**WHAT THIS TASK INVOLVES**
Reproduce, exactly, the lines of the material below from the line containing "#5=PRODUCT_RELATED_PRODUCT_CATEGORY('part','',(#4));" through the line containing "#48=DIRECTION('',(1.,0.,0.));", with both end lines included and nothing else.
━━━━━━━━
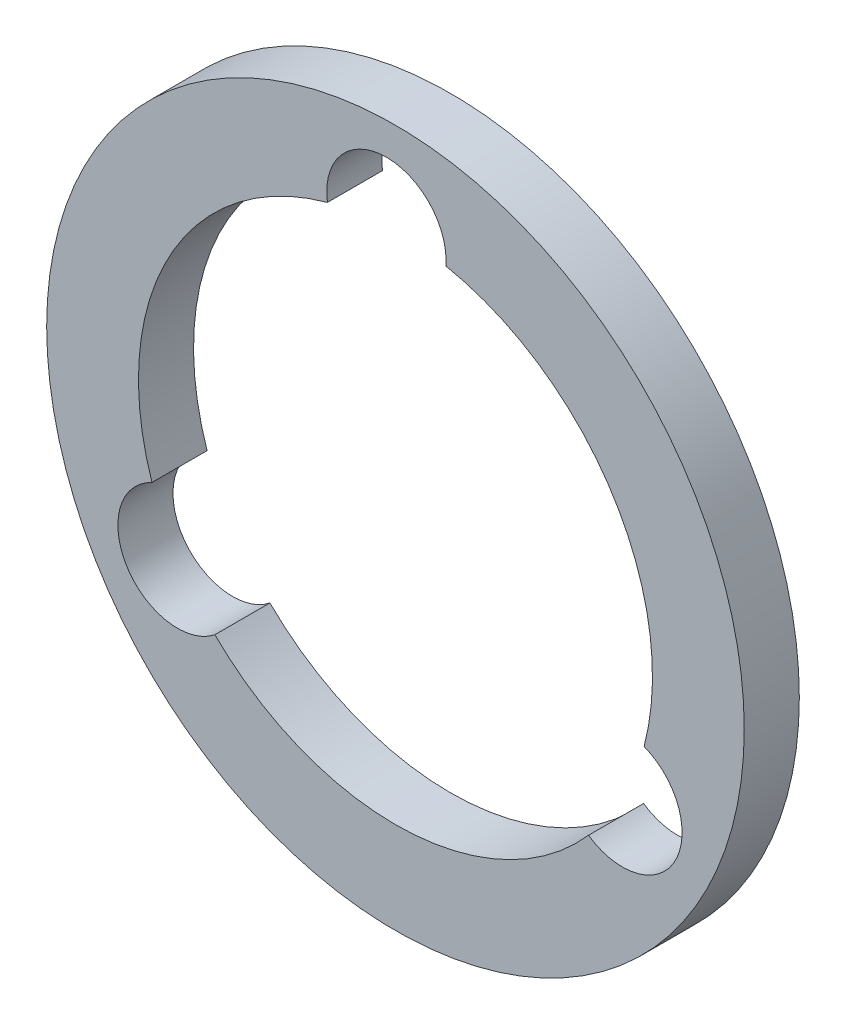
ISO-10303-21;
HEADER;
FILE_DESCRIPTION(('STEP AP214'),'2;1');
FILE_NAME('part.step','',(''),(''),'','','');
FILE_SCHEMA(('AUTOMOTIVE_DESIGN { 1 0 10303 214 1 1 1 1 }'));
ENDSEC;
DATA;
#1=APPLICATION_CONTEXT('core data for automotive mechanical design processes');
#2=APPLICATION_PROTOCOL_DEFINITION('international standard','automotive_design',2000,#1);
#3=PRODUCT_CONTEXT('',#1,'mechanical');
#4=PRODUCT('Part','Part','',(#3));
#5=PRODUCT_RELATED_PRODUCT_CATEGORY('part','',(#4));
#6=PRODUCT_DEFINITION_FORMATION('','',#4);
#7=PRODUCT_DEFINITION_CONTEXT('part definition',#1,'design');
#8=PRODUCT_DEFINITION('design','',#6,#7);
#9=PRODUCT_DEFINITION_SHAPE('','',#8);
#10=(LENGTH_UNIT() NAMED_UNIT(*) SI_UNIT(.MILLI.,.METRE.));
#11=(NAMED_UNIT(*) PLANE_ANGLE_UNIT() SI_UNIT($,.RADIAN.));
#12=(NAMED_UNIT(*) SI_UNIT($,.STERADIAN.) SOLID_ANGLE_UNIT());
#13=UNCERTAINTY_MEASURE_WITH_UNIT(LENGTH_MEASURE(1.E-05),#10,'distance_accuracy_value','');
#14=(GEOMETRIC_REPRESENTATION_CONTEXT(3) GLOBAL_UNCERTAINTY_ASSIGNED_CONTEXT((#13)) GLOBAL_UNIT_ASSIGNED_CONTEXT((#10,
#11,#12)) REPRESENTATION_CONTEXT('',''));
#15=CARTESIAN_POINT('',(0.,0.,0.));
#16=DIRECTION('',(0.,0.,1.));
#17=DIRECTION('',(1.,0.,0.));
#18=AXIS2_PLACEMENT_3D('',#15,#16,#17);
#19=CARTESIAN_POINT('',(0.,0.,3.));
#20=DIRECTION('',(0.,0.,1.));
#21=DIRECTION('',(1.,0.,0.));
#22=AXIS2_PLACEMENT_3D('',#19,#20,#21);
#23=PLANE('',#22);
#24=CARTESIAN_POINT('',(0.,0.,3.));
#25=DIRECTION('',(0.,0.,1.));
#26=DIRECTION('',(1.,0.,0.));
#27=AXIS2_PLACEMENT_3D('',#24,#25,#26);
#28=CIRCLE('',#27,19.);
#29=CARTESIAN_POINT('',(19.,0.,3.));
#30=VERTEX_POINT('',#29);
#31=EDGE_CURVE('E11',#30,#30,#28,.T.);
#32=ORIENTED_EDGE('',*,*,#31,.T.);
#33=EDGE_LOOP('',(#32));
#34=FACE_BOUND('',#33,.T.);
#35=CARTESIAN_POINT('',(-0.493805045382954,13.9912885960213,3.));
#36=DIRECTION('',(0.,0.,1.));
#37=DIRECTION('',(1.,0.,0.));
#38=AXIS2_PLACEMENT_3D('',#35,#36,#37);
#39=CIRCLE('',#38,3.25);
#40=CARTESIAN_POINT('',(2.745524809487,13.7281496757754,3.));
#41=VERTEX_POINT('',#40);
#42=CARTESIAN_POINT('',(-3.70652359519242,13.50043269078,3.));
#43=VERTEX_POINT('',#42);
#44=EDGE_CURVE('E94',#41,#43,#39,.T.);
#45=ORIENTED_EDGE('',*,*,#44,.F.);
#46=CARTESIAN_POINT('',(0.,0.,3.));
#47=DIRECTION('',(0.,0.,1.));
#48=DIRECTION('',(1.,0.,0.));
#49=AXIS2_PLACEMENT_3D('',#46,#47,#48);
#50=CIRCLE('',#49,14.);
#51=CARTESIAN_POINT('',(13.5449794698936,-3.54027275222695,3.));
#52=VERTEX_POINT('',#51);
#53=EDGE_CURVE('E86',#52,#41,#50,.T.);
#54=ORIENTED_EDGE('',*,*,#53,.F.);
#55=CARTESIAN_POINT('',(12.3637138785254,-6.56799658419206,3.));
#56=DIRECTION('',(0.,0.,1.));
#57=DIRECTION('',(1.,0.,0.));
#58=AXIS2_PLACEMENT_3D('',#55,#56,#57);
#59=CIRCLE('',#58,3.25);
#60=CARTESIAN_POINT('',(10.5161639614331,-9.24176906962385,3.));
#61=VERTEX_POINT('',#60);
#62=EDGE_CURVE('E114',#61,#52,#59,.T.);
#63=ORIENTED_EDGE('',*,*,#62,.F.);
#64=CARTESIAN_POINT('',(0.,0.,3.));
#65=DIRECTION('',(0.,0.,1.));
#66=DIRECTION('',(1.,0.,0.));
#67=AXIS2_PLACEMENT_3D('',#64,#65,#66);
#68=CIRCLE('',#67,14.);
#69=CARTESIAN_POINT('',(-9.83845587470119,-9.96015993855307,3.));
#70=VERTEX_POINT('',#69);
#71=EDGE_CURVE('E112',#70,#61,#68,.T.);
#72=ORIENTED_EDGE('',*,*,#71,.F.);
#73=CARTESIAN_POINT('',(-11.8699088331424,-7.4232920118292,3.));
#74=DIRECTION('',(0.,0.,1.));
#75=DIRECTION('',(1.,0.,0.));
#76=AXIS2_PLACEMENT_3D('',#73,#74,#75);
#77=CIRCLE('',#76,3.25);
#78=CARTESIAN_POINT('',(-13.2616887709201,-4.48638060615151,3.));
#79=VERTEX_POINT('',#78);
#80=EDGE_CURVE('E108',#79,#70,#77,.T.);
#81=ORIENTED_EDGE('',*,*,#80,.F.);
#82=CARTESIAN_POINT('',(0.,0.,3.));
#83=DIRECTION('',(0.,0.,1.));
#84=DIRECTION('',(1.,0.,0.));
#85=AXIS2_PLACEMENT_3D('',#82,#83,#84);
#86=CIRCLE('',#85,14.);
#87=EDGE_CURVE('E106',#43,#79,#86,.T.);
#88=ORIENTED_EDGE('',*,*,#87,.F.);
#89=EDGE_LOOP('',(#45,#54,#63,#72,#81,#88));
#90=FACE_BOUND('',#89,.T.);
#91=ADVANCED_FACE('F33',(#34,#90),#23,.T.);
#92=CARTESIAN_POINT('',(0.,0.,0.));
#93=DIRECTION('',(0.,0.,1.));
#94=DIRECTION('',(1.,0.,0.));
#95=AXIS2_PLACEMENT_3D('',#92,#93,#94);
#96=PLANE('',#95);
#97=CARTESIAN_POINT('',(0.,0.,0.));
#98=DIRECTION('',(0.,0.,1.));
#99=DIRECTION('',(1.,0.,0.));
#100=AXIS2_PLACEMENT_3D('',#97,#98,#99);
#101=CIRCLE('',#100,19.);
#102=CARTESIAN_POINT('',(19.,0.,0.));
#103=VERTEX_POINT('',#102);
#104=EDGE_CURVE('E37',#103,#103,#101,.T.);
#105=ORIENTED_EDGE('',*,*,#104,.F.);
#106=EDGE_LOOP('',(#105));
#107=FACE_BOUND('',#106,.T.);
#108=CARTESIAN_POINT('',(0.,0.,0.));
#109=DIRECTION('',(0.,0.,1.));
#110=DIRECTION('',(1.,0.,0.));
#111=AXIS2_PLACEMENT_3D('',#108,#109,#110);
#112=CIRCLE('',#111,14.);
#113=CARTESIAN_POINT('',(13.5449794698936,-3.54027275222694,0.));
#114=VERTEX_POINT('',#113);
#115=CARTESIAN_POINT('',(2.745524809487,13.7281496757754,0.));
#116=VERTEX_POINT('',#115);
#117=EDGE_CURVE('E56',#114,#116,#112,.T.);
#118=ORIENTED_EDGE('',*,*,#117,.T.);
#119=CARTESIAN_POINT('',(-0.493805045382954,13.9912885960213,0.));
#120=DIRECTION('',(0.,0.,1.));
#121=DIRECTION('',(1.,0.,0.));
#122=AXIS2_PLACEMENT_3D('',#119,#120,#121);
#123=CIRCLE('',#122,3.25);
#124=CARTESIAN_POINT('',(-3.70652359519242,13.50043269078,0.));
#125=VERTEX_POINT('',#124);
#126=EDGE_CURVE('E101',#116,#125,#123,.T.);
#127=ORIENTED_EDGE('',*,*,#126,.T.);
#128=CARTESIAN_POINT('',(0.,0.,0.));
#129=DIRECTION('',(0.,0.,1.));
#130=DIRECTION('',(1.,0.,0.));
#131=AXIS2_PLACEMENT_3D('',#128,#129,#130);
#132=CIRCLE('',#131,14.);
#133=CARTESIAN_POINT('',(-13.2616887709201,-4.48638060615151,0.));
#134=VERTEX_POINT('',#133);
#135=EDGE_CURVE('E118',#125,#134,#132,.T.);
#136=ORIENTED_EDGE('',*,*,#135,.T.);
#137=CARTESIAN_POINT('',(-11.8699088331424,-7.4232920118292,0.));
#138=DIRECTION('',(0.,0.,1.));
#139=DIRECTION('',(1.,0.,0.));
#140=AXIS2_PLACEMENT_3D('',#137,#138,#139);
#141=CIRCLE('',#140,3.25);
#142=CARTESIAN_POINT('',(-9.83845587470119,-9.96015993855307,0.));
#143=VERTEX_POINT('',#142);
#144=EDGE_CURVE('E121',#134,#143,#141,.T.);
#145=ORIENTED_EDGE('',*,*,#144,.T.);
#146=CARTESIAN_POINT('',(0.,0.,0.));
#147=DIRECTION('',(0.,0.,1.));
#148=DIRECTION('',(1.,0.,0.));
#149=AXIS2_PLACEMENT_3D('',#146,#147,#148);
#150=CIRCLE('',#149,14.);
#151=CARTESIAN_POINT('',(10.5161639614331,-9.24176906962386,0.));
#152=VERTEX_POINT('',#151);
#153=EDGE_CURVE('E124',#143,#152,#150,.T.);
#154=ORIENTED_EDGE('',*,*,#153,.T.);
#155=CARTESIAN_POINT('',(12.3637138785254,-6.56799658419206,0.));
#156=DIRECTION('',(0.,0.,1.));
#157=DIRECTION('',(1.,0.,0.));
#158=AXIS2_PLACEMENT_3D('',#155,#156,#157);
#159=CIRCLE('',#158,3.25);
#160=EDGE_CURVE('E95',#152,#114,#159,.T.);
#161=ORIENTED_EDGE('',*,*,#160,.T.);
#162=EDGE_LOOP('',(#118,#127,#136,#145,#154,#161));
#163=FACE_BOUND('',#162,.T.);
#164=ADVANCED_FACE('F141',(#107,#163),#96,.F.);
#165=CARTESIAN_POINT('',(0.,0.,3.));
#166=DIRECTION('',(0.,0.,-1.));
#167=DIRECTION('',(-1.,0.,0.));
#168=AXIS2_PLACEMENT_3D('',#165,#166,#167);
#169=CYLINDRICAL_SURFACE('',#168,19.);
#170=ORIENTED_EDGE('',*,*,#31,.F.);
#171=EDGE_LOOP('',(#170));
#172=FACE_BOUND('',#171,.T.);
#173=ORIENTED_EDGE('',*,*,#104,.T.);
#174=EDGE_LOOP('',(#173));
#175=FACE_BOUND('',#174,.T.);
#176=ADVANCED_FACE('F35',(#172,#175),#169,.T.);
#177=CARTESIAN_POINT('',(0.,0.,3.));
#178=DIRECTION('',(0.,0.,-1.));
#179=DIRECTION('',(-1.,0.,0.));
#180=AXIS2_PLACEMENT_3D('',#177,#178,#179);
#181=CYLINDRICAL_SURFACE('',#180,14.);
#182=ORIENTED_EDGE('',*,*,#117,.F.);
#183=DIRECTION('',(0.,0.,-1.));
#184=VECTOR('',#183,1.);
#185=CARTESIAN_POINT('',(13.5449794698936,-3.54027275222695,3.));
#186=LINE('',#185,#184);
#187=EDGE_CURVE('E90',#52,#114,#186,.T.);
#188=ORIENTED_EDGE('',*,*,#187,.F.);
#189=ORIENTED_EDGE('',*,*,#53,.T.);
#190=DIRECTION('',(0.,0.,-1.));
#191=VECTOR('',#190,1.);
#192=CARTESIAN_POINT('',(2.745524809487,13.7281496757754,3.));
#193=LINE('',#192,#191);
#194=EDGE_CURVE('E89',#41,#116,#193,.T.);
#195=ORIENTED_EDGE('',*,*,#194,.T.);
#196=EDGE_LOOP('',(#182,#188,#189,#195));
#197=FACE_BOUND('',#196,.T.);
#198=ADVANCED_FACE('F88',(#197),#181,.F.);
#199=CARTESIAN_POINT('',(-0.493805045382954,13.9912885960213,3.));
#200=DIRECTION('',(0.,0.,-1.));
#201=DIRECTION('',(-1.,0.,0.));
#202=AXIS2_PLACEMENT_3D('',#199,#200,#201);
#203=CYLINDRICAL_SURFACE('',#202,3.25);
#204=ORIENTED_EDGE('',*,*,#126,.F.);
#205=ORIENTED_EDGE('',*,*,#194,.F.);
#206=ORIENTED_EDGE('',*,*,#44,.T.);
#207=DIRECTION('',(0.,0.,-1.));
#208=VECTOR('',#207,1.);
#209=CARTESIAN_POINT('',(-3.70652359519242,13.50043269078,3.));
#210=LINE('',#209,#208);
#211=EDGE_CURVE('E102',#43,#125,#210,.T.);
#212=ORIENTED_EDGE('',*,*,#211,.T.);
#213=EDGE_LOOP('',(#204,#205,#206,#212));
#214=FACE_BOUND('',#213,.T.);
#215=ADVANCED_FACE('F98',(#214),#203,.F.);
#216=CARTESIAN_POINT('',(0.,0.,3.));
#217=DIRECTION('',(0.,0.,-1.));
#218=DIRECTION('',(-1.,0.,0.));
#219=AXIS2_PLACEMENT_3D('',#216,#217,#218);
#220=CYLINDRICAL_SURFACE('',#219,14.);
#221=ORIENTED_EDGE('',*,*,#135,.F.);
#222=ORIENTED_EDGE('',*,*,#211,.F.);
#223=ORIENTED_EDGE('',*,*,#87,.T.);
#224=DIRECTION('',(0.,0.,-1.));
#225=VECTOR('',#224,1.);
#226=CARTESIAN_POINT('',(-13.2616887709201,-4.48638060615151,3.));
#227=LINE('',#226,#225);
#228=EDGE_CURVE('E133',#79,#134,#227,.T.);
#229=ORIENTED_EDGE('',*,*,#228,.T.);
#230=EDGE_LOOP('',(#221,#222,#223,#229));
#231=FACE_BOUND('',#230,.T.);
#232=ADVANCED_FACE('F137',(#231),#220,.F.);
#233=CARTESIAN_POINT('',(-11.8699088331424,-7.4232920118292,3.));
#234=DIRECTION('',(0.,0.,-1.));
#235=DIRECTION('',(-1.,0.,0.));
#236=AXIS2_PLACEMENT_3D('',#233,#234,#235);
#237=CYLINDRICAL_SURFACE('',#236,3.25);
#238=ORIENTED_EDGE('',*,*,#144,.F.);
#239=ORIENTED_EDGE('',*,*,#228,.F.);
#240=ORIENTED_EDGE('',*,*,#80,.T.);
#241=DIRECTION('',(0.,0.,-1.));
#242=VECTOR('',#241,1.);
#243=CARTESIAN_POINT('',(-9.83845587470119,-9.96015993855307,3.));
#244=LINE('',#243,#242);
#245=EDGE_CURVE('E131',#70,#143,#244,.T.);
#246=ORIENTED_EDGE('',*,*,#245,.T.);
#247=EDGE_LOOP('',(#238,#239,#240,#246));
#248=FACE_BOUND('',#247,.T.);
#249=ADVANCED_FACE('F149',(#248),#237,.F.);
#250=CARTESIAN_POINT('',(0.,0.,3.));
#251=DIRECTION('',(0.,0.,-1.));
#252=DIRECTION('',(-1.,0.,0.));
#253=AXIS2_PLACEMENT_3D('',#250,#251,#252);
#254=CYLINDRICAL_SURFACE('',#253,14.);
#255=ORIENTED_EDGE('',*,*,#153,.F.);
#256=ORIENTED_EDGE('',*,*,#245,.F.);
#257=ORIENTED_EDGE('',*,*,#71,.T.);
#258=DIRECTION('',(0.,0.,-1.));
#259=VECTOR('',#258,1.);
#260=CARTESIAN_POINT('',(10.5161639614331,-9.24176906962386,3.));
#261=LINE('',#260,#259);
#262=EDGE_CURVE('E48',#61,#152,#261,.T.);
#263=ORIENTED_EDGE('',*,*,#262,.T.);
#264=EDGE_LOOP('',(#255,#256,#257,#263));
#265=FACE_BOUND('',#264,.T.);
#266=ADVANCED_FACE('F147',(#265),#254,.F.);
#267=CARTESIAN_POINT('',(12.3637138785254,-6.56799658419206,3.));
#268=DIRECTION('',(0.,0.,-1.));
#269=DIRECTION('',(-1.,0.,0.));
#270=AXIS2_PLACEMENT_3D('',#267,#268,#269);
#271=CYLINDRICAL_SURFACE('',#270,3.25);
#272=ORIENTED_EDGE('',*,*,#160,.F.);
#273=ORIENTED_EDGE('',*,*,#262,.F.);
#274=ORIENTED_EDGE('',*,*,#62,.T.);
#275=ORIENTED_EDGE('',*,*,#187,.T.);
#276=EDGE_LOOP('',(#272,#273,#274,#275));
#277=FACE_BOUND('',#276,.T.);
#278=ADVANCED_FACE('F143',(#277),#271,.F.);
#279=CLOSED_SHELL('',(#91,#164,#176,#198,#215,#232,#249,#266,#278));
#280=MANIFOLD_SOLID_BREP('B2',#279);
#281=ADVANCED_BREP_SHAPE_REPRESENTATION('',(#18,#280),#14);
#282=SHAPE_DEFINITION_REPRESENTATION(#9,#281);
ENDSEC;
END-ISO-10303-21;
━━━━━━━━
**FINISHED EXERCISE**
#5=PRODUCT_RELATED_PRODUCT_CATEGORY('part','',(#4));
#6=PRODUCT_DEFINITION_FORMATION('','',#4);
#7=PRODUCT_DEFINITION_CONTEXT('part definition',#1,'design');
#8=PRODUCT_DEFINITION('design','',#6,#7);
#9=PRODUCT_DEFINITION_SHAPE('','',#8);
#10=(LENGTH_UNIT() NAMED_UNIT(*) SI_UNIT(.MILLI.,.METRE.));
#11=(NAMED_UNIT(*) PLANE_ANGLE_UNIT() SI_UNIT($,.RADIAN.));
#12=(NAMED_UNIT(*) SI_UNIT($,.STERADIAN.) SOLID_ANGLE_UNIT());
#13=UNCERTAINTY_MEASURE_WITH_UNIT(LENGTH_MEASURE(1.E-05),#10,'distance_accuracy_value','');
#14=(GEOMETRIC_REPRESENTATION_CONTEXT(3) GLOBAL_UNCERTAINTY_ASSIGNED_CONTEXT((#13)) GLOBAL_UNIT_ASSIGNED_CONTEXT((#10,
#11,#12)) REPRESENTATION_CONTEXT('',''));
#15=CARTESIAN_POINT('',(0.,0.,0.));
#16=DIRECTION('',(0.,0.,1.));
#17=DIRECTION('',(1.,0.,0.));
#18=AXIS2_PLACEMENT_3D('',#15,#16,#17);
#19=CARTESIAN_POINT('',(0.,0.,3.));
#20=DIRECTION('',(0.,0.,1.));
#21=DIRECTION('',(1.,0.,0.));
#22=AXIS2_PLACEMENT_3D('',#19,#20,#21);
#23=PLANE('',#22);
#24=CARTESIAN_POINT('',(0.,0.,3.));
#25=DIRECTION('',(0.,0.,1.));
#26=DIRECTION('',(1.,0.,0.));
#27=AXIS2_PLACEMENT_3D('',#24,#25,#26);
#28=CIRCLE('',#27,19.);
#29=CARTESIAN_POINT('',(19.,0.,3.));
#30=VERTEX_POINT('',#29);
#31=EDGE_CURVE('E11',#30,#30,#28,.T.);
#32=ORIENTED_EDGE('',*,*,#31,.T.);
#33=EDGE_LOOP('',(#32));
#34=FACE_BOUND('',#33,.T.);
#35=CARTESIAN_POINT('',(-0.493805045382954,13.9912885960213,3.));
#36=DIRECTION('',(0.,0.,1.));
#37=DIRECTION('',(1.,0.,0.));
#38=AXIS2_PLACEMENT_3D('',#35,#36,#37);
#39=CIRCLE('',#38,3.25);
#40=CARTESIAN_POINT('',(2.745524809487,13.7281496757754,3.));
#41=VERTEX_POINT('',#40);
#42=CARTESIAN_POINT('',(-3.70652359519242,13.50043269078,3.));
#43=VERTEX_POINT('',#42);
#44=EDGE_CURVE('E94',#41,#43,#39,.T.);
#45=ORIENTED_EDGE('',*,*,#44,.F.);
#46=CARTESIAN_POINT('',(0.,0.,3.));
#47=DIRECTION('',(0.,0.,1.));
#48=DIRECTION('',(1.,0.,0.));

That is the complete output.